We discovered a subgroup of these strains acquired a set of mutations approximately 100 years ago that is linked to increased susceptibility to TB antibiotics that were developed within the last decade. Patients infected with these strains may benefit more from these newer antibiotics compared to antibiotics that are part of the standard drug regimen. We see that this subgroup of strains is also associated with cavities in the lungs, the treatment failure in response to traditional antibiotics, and potentially even increased transmission in Vietnam.
Studying these mutations can enable the design of better diagnostics and better drug combinations to detect and treat infections based on ancient mutations in Mtb. Currently we employ a one-size-fits-all approach to TB therapy, but Mtb can be genetically distinct in different regions of the world, so we should tailor diagnostics and antibiotics accordingly.

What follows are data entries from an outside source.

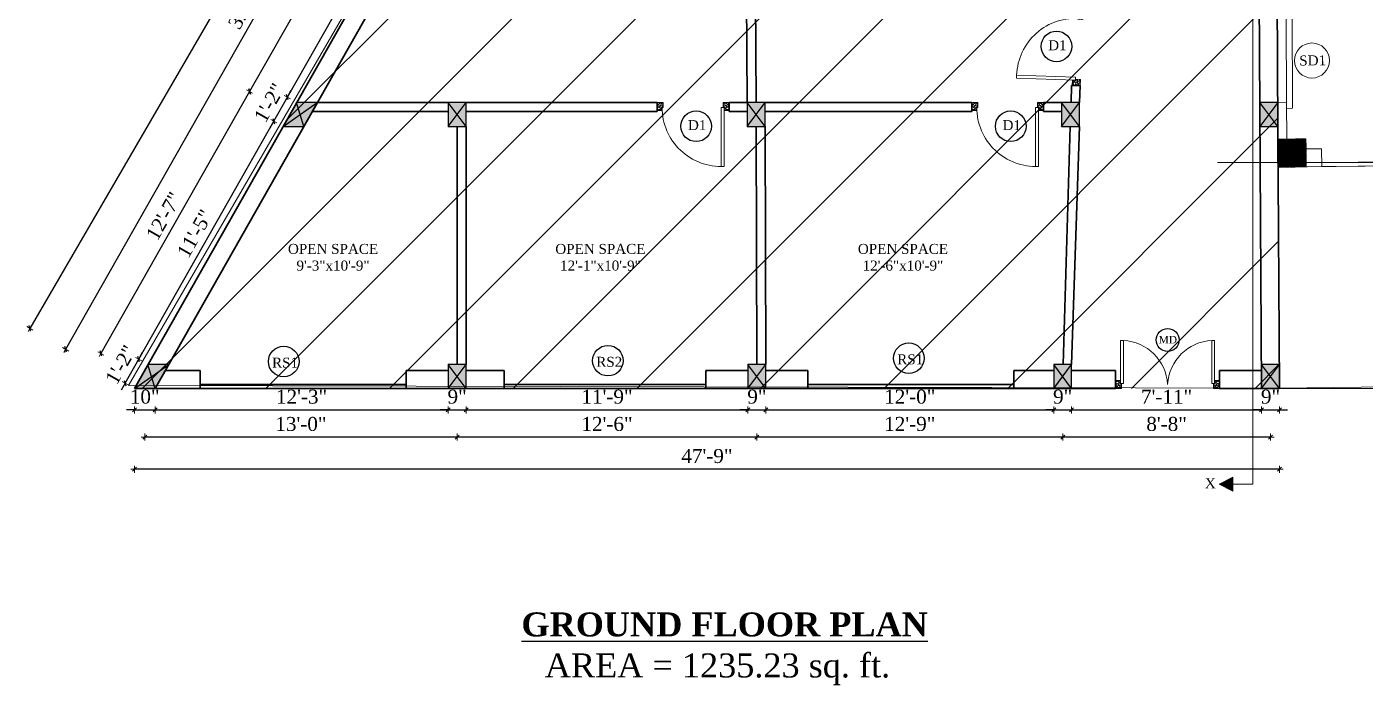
# Model space of a CAD drawing. Header units: inches. Extents: x 4069 to 291496, y -47643 to 12535.
# Drawn here: x 89655 to 90324, y -1558 to -1228 of the extents above; entities that cross this region are included whole.
import ezdxf

# ---------------------------------------------------------------- set-up
doc = ezdxf.new("R2010")
doc.units = ezdxf.units.IN
doc.header["$LTSCALE"] = 5
doc.header["$MEASUREMENT"] = 0
for name, color, linetype, lineweight in [('A-WALL', 7, 'Continuous', 9), ('Dimension', 7, 'Continuous', 18), ('DOOR', 62, 'Continuous', 0)]:
    doc.layers.add(name, color=color, linetype=linetype, lineweight=lineweight)
doc.layers.add('dim line', color=7, linetype='Continuous', lineweight=15, true_color=0xfab2b2)
doc.layers.add('TEXT', color=6, linetype='Continuous')
doc.layers.add('WALL', color=7, linetype='Continuous')
doc.styles.add('ordinary', font='times.ttf')
doc.dimstyles.new('Copy of 96', dxfattribs={"dimtxt": 7, "dimasz": 4, "dimexe": 0.5, "dimexo": 0.5, "dimgap": 3, "dimtad": 1, "dimdec": 1, "dimzin": 11, "dimdsep": 46, "dimlunit": 4, "dimtxsty": 'ordinary', "dimblk": 'OBLIQUE', "dimcen": 0.09, "dimse1": 1, "dimse2": 1, "dimclrt": 6, "dimazin": 0, "dimtfac": 1, "dimtdec": 1, "dimtix": 1, "dimtmove": 2, "dimatfit": 3, "dimldrblk": 'leader', "dimfxl": 0.5, "dimfxlon": 1, "dimtolj": 1, "dimtzin": 0, "dimarcsym": 0})

# ---------------------------------------------------------------- blocks, each defined once
blk = doc.blocks.new('C1a')
at = {"color": 1, "ltscale": 5}
for p, q in [((18657.75, 4625.76), (18648.75, 4625.76)), ((18648.75, 4625.76), (18648.82, 4613.76)), ((18657.82, 4613.76), (18657.75, 4625.76)), ((18648.82, 4613.76), (18657.82, 4613.76))]:
    blk.add_line(p, q, dxfattribs=at)
blk = doc.blocks.new('c2a')
at = {"color": 1, "ltscale": 5}
for p, q in [((18091.63, 4625.76), (18084.82, 4613.76)), ((18101.98, 4625.76), (18091.63, 4625.76)), ((18095.17, 4613.76), (18101.98, 4625.76)), ((18084.82, 4613.76), (18095.17, 4613.76))]:
    blk.add_line(p, q, dxfattribs=at)
blk = doc.blocks.new('A$C27B36B59')
at = {"layer": 'DOOR'}
for p, q in [((0, 4), (0, 0)), ((2.5, 4), (0, 4)), ((0, 0), (3, 0)), ((2.5, 2.5), (2.5, 4)), ((3, 2.5), (2.5, 2.5)), ((3, 0), (3, 2.5))]:
    blk.add_line(p, q, dxfattribs=at)
for centre, radius, start, end in [((-1.4, -0.54), 4.75, 22.14107, 72.83803), ((1.34, 2.09), 1.64, 45.13802, 144.89476), ((2.21, 0.3), 2.49, 83.31492, 152.65798), ((0.13, 0.37), 2.05, 349.48753, 93.68048), ((1.96, -0.47), 2.01, 58.74475, 166.49498), ((-0.06, 0.32), 1.13, 343.54197, 86.94698), ((2.08, -0.4), 1.17, 38.28162, 160.15192)]:
    blk.add_arc(centre, radius, start, end, dxfattribs=at)
blk = doc.blocks.new('D2')
at = {"layer": 'DOOR'}
for p, q in [((74473.95, 24047.59), (74473.95, 24018.09)), ((74473.95, 24047.59), (74475.45, 24047.59)), ((74475.45, 24047.59), (74475.45, 24018.13))]:
    blk.add_line(p, q, dxfattribs=at)
blk.add_arc((74473.95, 24047.59), 29.5, 180, 272.9146, dxfattribs=at)
at = {"layer": 'DOOR', "xscale": -1, "rotation": 180}
blk.add_blockref('A$C27B36B59', (74441.95, 24050.09), dxfattribs=at)
at = {"layer": 'DOOR', "rotation": 180}
blk.add_blockref('A$C27B36B59', (74477.95, 24050.09), dxfattribs=at)
blk = doc.blocks.new('x-x')
at = {"ltscale": 5}
for points in [[(11364.03, -701.52), (11364.03, -694.51), (11357.15, -698.09)], [(11364.03, -1135.52), (11364.03, -1128.51), (11357.15, -1132.09)]]:
    blk.add_hatch(color=256, dxfattribs=at).paths.add_polyline_path(points)
for p, q in [((11364.03, -694.51), (11357.15, -698.09)), ((11364.03, -701.52), (11364.03, -694.51)), ((11357.15, -698.09), (11364.03, -701.52)), ((11374.13, -698.09), (11364.03, -698.09)), ((11374.13, -698.09), (11374.13, -1132.09)), ((11364.03, -1128.51), (11357.15, -1132.09)), ((11364.03, -1135.52), (11364.03, -1128.51)), ((11357.15, -1132.09), (11364.03, -1135.52)), ((11374.13, -1132.09), (11364.03, -1132.09))]:
    blk.add_line(p, q, dxfattribs=at)
at = {"layer": 'A-WALL', "color": 1, "ltscale": 5}
blk.add_line((11374.13, -1120.09), (11374.13, -1132.09), dxfattribs=at)
at = {"layer": 'TEXT', "style": 'ordinary'}
for p in [(11350.08, -700.97), (11350.08, -1134.1)]:
    blk.add_text('X', height=5, dxfattribs=at).set_placement(p)
blk = doc.blocks.new('oblique')
at = {"color": 0, "lineweight": -2}
blk.add_line((0.25, 0.25), (-0.25, -0.25), dxfattribs=at)
at = {"layer": 'dim line', "lineweight": 9}
for p, q in [((-0.4375, 0), (0.4375, 0)), ((0, 0.4375), (0, -0.4375))]:
    blk.add_line(p, q, dxfattribs=at)
blk = doc.blocks.new('*D2534')
at = {"layer": 'A-WALL', "color": 0, "lineweight": -2, "ltscale": 50, "transparency": 16777216}
blk.add_line((90276.91, -1433.71), (90172.91, -1433.71), dxfattribs=at)
at = {"layer": 'Defpoints', "color": 0, "ltscale": 50, "transparency": 16777216}
for p in [(90172.91, -1409.3), (90276.91, -1409.3), (90172.91, -1433.71)]:
    blk.add_point(p, dxfattribs=at)
at = {"layer": 'A-WALL', "color": 0, "lineweight": -2, "ltscale": 50, "transparency": 16777216, "xscale": 4, "yscale": 4, "zscale": 4, "rotation": 180.0000000000005}
blk.add_blockref('oblique', (90172.91, -1433.71), dxfattribs=at)
at = {"layer": 'A-WALL', "color": 0, "lineweight": -2, "ltscale": 50, "transparency": 16777216, "xscale": 4, "yscale": 4, "zscale": 4}
blk.add_blockref('oblique', (90276.91, -1433.71), dxfattribs=at)
at = {"layer": 'A-WALL', "color": 6, "ltscale": 50, "transparency": 16777216, "insert": (90224.91, -1427.15), "char_height": 7, "attachment_point": 5, "style": 'ordinary'}
blk.add_mtext('\\A1;8\'-8"', dxfattribs=at)
blk = doc.blocks.new('_OBLIQUE')
at = {"color": 0, "linetype": 'ByBlock'}
blk.add_line((-0.5, -0.5), (0.5, 0.5), dxfattribs=at)
blk = doc.blocks.new('leader')
at = {"layer": 'Dimension'}
for p, q in [((0, -4.33), (0, 4.33)), ((-4.42, 0), (4.42, 0))]:
    blk.add_line(p, q, dxfattribs=at)
blk = doc.blocks.new('*D2535')
at = {"layer": 'A-WALL', "color": 0, "lineweight": -2, "ltscale": 50, "transparency": 16777216}
blk.add_line((90172.91, -1433.71), (90019.91, -1433.71), dxfattribs=at)
at = {"layer": 'Defpoints', "color": 0, "ltscale": 50, "transparency": 16777216}
for p in [(90019.91, -1409.3), (90172.91, -1409.3), (90019.91, -1433.71)]:
    blk.add_point(p, dxfattribs=at)
at = {"layer": 'A-WALL', "color": 0, "lineweight": -2, "ltscale": 50, "transparency": 16777216, "xscale": 4, "yscale": 4, "zscale": 4, "rotation": 180}
blk.add_blockref('oblique', (90019.91, -1433.71), dxfattribs=at)
at = {"layer": 'A-WALL', "color": 0, "lineweight": -2, "ltscale": 50, "transparency": 16777216, "xscale": 4, "yscale": 4, "zscale": 4}
blk.add_blockref('oblique', (90172.91, -1433.71), dxfattribs=at)
at = {"layer": 'A-WALL', "color": 6, "ltscale": 50, "transparency": 16777216, "insert": (90096.41, -1427.14), "char_height": 7, "attachment_point": 5, "style": 'ordinary'}
blk.add_mtext('\\A1;12\'-9"', dxfattribs=at)
blk = doc.blocks.new('*D2536')
at = {"layer": 'A-WALL', "color": 0, "lineweight": -2, "ltscale": 50, "transparency": 16777216}
blk.add_line((90019.91, -1433.71), (89869.91, -1433.71), dxfattribs=at)
at = {"layer": 'Defpoints', "color": 0, "ltscale": 50, "transparency": 16777216}
for p in [(89869.91, -1409.3), (90019.91, -1409.3), (89869.91, -1433.71)]:
    blk.add_point(p, dxfattribs=at)
at = {"layer": 'A-WALL', "color": 0, "lineweight": -2, "ltscale": 50, "transparency": 16777216, "xscale": 4, "yscale": 4, "zscale": 4, "rotation": 180}
blk.add_blockref('oblique', (89869.91, -1433.71), dxfattribs=at)
at = {"layer": 'A-WALL', "color": 0, "lineweight": -2, "ltscale": 50, "transparency": 16777216, "xscale": 4, "yscale": 4, "zscale": 4}
blk.add_blockref('oblique', (90019.91, -1433.71), dxfattribs=at)
at = {"layer": 'A-WALL', "color": 6, "ltscale": 50, "transparency": 16777216, "insert": (89944.91, -1427.15), "char_height": 7, "attachment_point": 5, "style": 'ordinary'}
blk.add_mtext('\\A1;12\'-6"', dxfattribs=at)
blk = doc.blocks.new('*D2537')
at = {"layer": 'A-WALL', "color": 0, "lineweight": -2, "ltscale": 50, "transparency": 16777216}
blk.add_line((89869.91, -1433.71), (89713.58, -1433.71), dxfattribs=at)
at = {"layer": 'Defpoints', "color": 0, "ltscale": 50, "transparency": 16777216}
for p in [(89713.58, -1409.3), (89869.91, -1409.3), (89713.58, -1433.71)]:
    blk.add_point(p, dxfattribs=at)
at = {"layer": 'A-WALL', "color": 0, "lineweight": -2, "ltscale": 50, "transparency": 16777216, "xscale": 4, "yscale": 4, "zscale": 4, "rotation": 180}
blk.add_blockref('oblique', (89713.58, -1433.71), dxfattribs=at)
at = {"layer": 'A-WALL', "color": 0, "lineweight": -2, "ltscale": 50, "transparency": 16777216, "xscale": 4, "yscale": 4, "zscale": 4}
blk.add_blockref('oblique', (89869.91, -1433.71), dxfattribs=at)
at = {"layer": 'A-WALL', "color": 6, "ltscale": 50, "transparency": 16777216, "insert": (89791.75, -1427.15), "char_height": 7, "attachment_point": 5, "style": 'ordinary'}
blk.add_mtext('\\A1;13\'-0"', dxfattribs=at)
blk = doc.blocks.new('*D2523')
at = {"layer": 'A-WALL', "color": 0, "lineweight": -2, "ltscale": 50, "transparency": 16777216}
blk.add_line((90281.41, -1449.76), (89708.41, -1449.76), dxfattribs=at)
at = {"layer": 'Defpoints', "color": 0, "ltscale": 50, "transparency": 16777216}
for p in [(89708.41, -1406.12), (90281.41, -1409.3), (89708.41, -1449.76)]:
    blk.add_point(p, dxfattribs=at)
at = {"layer": 'A-WALL', "color": 0, "lineweight": -2, "ltscale": 50, "transparency": 16777216, "xscale": 4, "yscale": 4, "zscale": 4, "rotation": 180}
blk.add_blockref('oblique', (89708.41, -1449.76), dxfattribs=at)
at = {"layer": 'A-WALL', "color": 0, "lineweight": -2, "ltscale": 50, "transparency": 16777216, "xscale": 4, "yscale": 4, "zscale": 4}
blk.add_blockref('oblique', (90281.41, -1449.76), dxfattribs=at)
at = {"layer": 'A-WALL', "color": 6, "ltscale": 50, "transparency": 16777216, "insert": (89994.91, -1443.19), "char_height": 7, "attachment_point": 5, "style": 'ordinary'}
blk.add_mtext('\\A1;47\'-9"', dxfattribs=at)
blk = doc.blocks.new('*D2538')
at = {"layer": 'A-WALL', "color": 0, "lineweight": -2, "ltscale": 50, "transparency": 16777216}
for p, q in [((89710.58, -1394.66), (89712.55, -1391.18)), ((89703.76, -1406.66), (89710.58, -1394.66)), ((89703.76, -1406.66), (89701.79, -1410.14))]:
    blk.add_line(p, q, dxfattribs=at)
at = {"layer": 'Defpoints', "color": 0, "ltscale": 50, "transparency": 16777216}
for p in [(89710.58, -1394.66), (89715.22, -1397.3), (89708.41, -1409.3)]:
    blk.add_point(p, dxfattribs=at)
at = {"layer": 'A-WALL', "color": 0, "lineweight": -2, "ltscale": 50, "transparency": 16777216, "xscale": 4, "yscale": 4, "zscale": 4}
for p, rotation in [((89710.58, -1394.66), 240.4114854942634), ((89703.76, -1406.66), 60.41148549426335)]:
    blk.add_blockref('oblique', p, dxfattribs=dict(at, rotation=rotation))
at = {"layer": 'A-WALL', "color": 6, "ltscale": 50, "transparency": 16777216, "insert": (89701.52, -1397.45), "char_height": 7, "attachment_point": 5, "rotation": 60.41149, "style": 'ordinary'}
blk.add_mtext('\\A1;1\'-2"', dxfattribs=at)
blk = doc.blocks.new('*D2539')
at = {"layer": 'A-WALL', "color": 0, "lineweight": -2, "ltscale": 50, "transparency": 16777216}
blk.add_line((89710.58, -1394.66), (89778.15, -1275.66), dxfattribs=at)
at = {"layer": 'Defpoints', "color": 0, "ltscale": 50, "transparency": 16777216}
for p in [(89778.15, -1275.66), (89782.79, -1278.3), (89715.22, -1397.3)]:
    blk.add_point(p, dxfattribs=at)
at = {"layer": 'A-WALL', "color": 0, "lineweight": -2, "ltscale": 50, "transparency": 16777216, "xscale": 4, "yscale": 4, "zscale": 4}
for p, rotation in [((89778.15, -1275.66), 60.41148549451773), ((89710.58, -1394.66), 240.4114854945177)]:
    blk.add_blockref('oblique', p, dxfattribs=dict(at, rotation=rotation))
at = {"layer": 'A-WALL', "color": 6, "ltscale": 50, "transparency": 16777216, "insert": (89738.66, -1331.92), "char_height": 7, "attachment_point": 5, "rotation": 60.41149, "style": 'ordinary'}
blk.add_mtext('\\A1;11\'-5"', dxfattribs=at)
blk = doc.blocks.new('*D2540')
at = {"layer": 'A-WALL', "color": 0, "lineweight": -2, "ltscale": 50, "transparency": 16777216}
for p, q in [((89778.15, -1275.66), (89784.96, -1263.66)), ((89784.96, -1263.66), (89786.94, -1260.18)), ((89778.15, -1275.66), (89776.17, -1279.14))]:
    blk.add_line(p, q, dxfattribs=at)
at = {"layer": 'Defpoints', "color": 0, "ltscale": 50, "transparency": 16777216}
for p in [(89784.96, -1263.66), (89789.61, -1266.3), (89782.79, -1278.3)]:
    blk.add_point(p, dxfattribs=at)
at = {"layer": 'A-WALL', "color": 0, "lineweight": -2, "ltscale": 50, "transparency": 16777216, "xscale": 4, "yscale": 4, "zscale": 4}
for p, rotation in [((89784.96, -1263.66), 240.4114854945177), ((89778.15, -1275.66), 60.41148549451771)]:
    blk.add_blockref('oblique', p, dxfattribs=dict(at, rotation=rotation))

Amazing Scientists, Even Better People
My graduation from GSAS last May wouldn’t have been possible without the support and guidance I received from my mentor and principal investigator, Sarah Fortune. I appreciate how she entrusted me with compelling projects while also encouraging me to explore my personal scientific interests and creativity. The postdoctoral fellows in my lab, Xin Wang and Qingyun Liu, were also instrumental in my training and development. It was a wonderful experience working with such amazing scientists who happen to be even better people.
Now I will embark on a postdoctoral fellowship at Boston Children’s Hospital studying streptococcus bacteria—another important human pathogen. Eventually, I will pursue further training in clinical microbiology and one day a professorship so I can continue studying infectious diseases and creating knowledge that will ultimately help those who need it the most.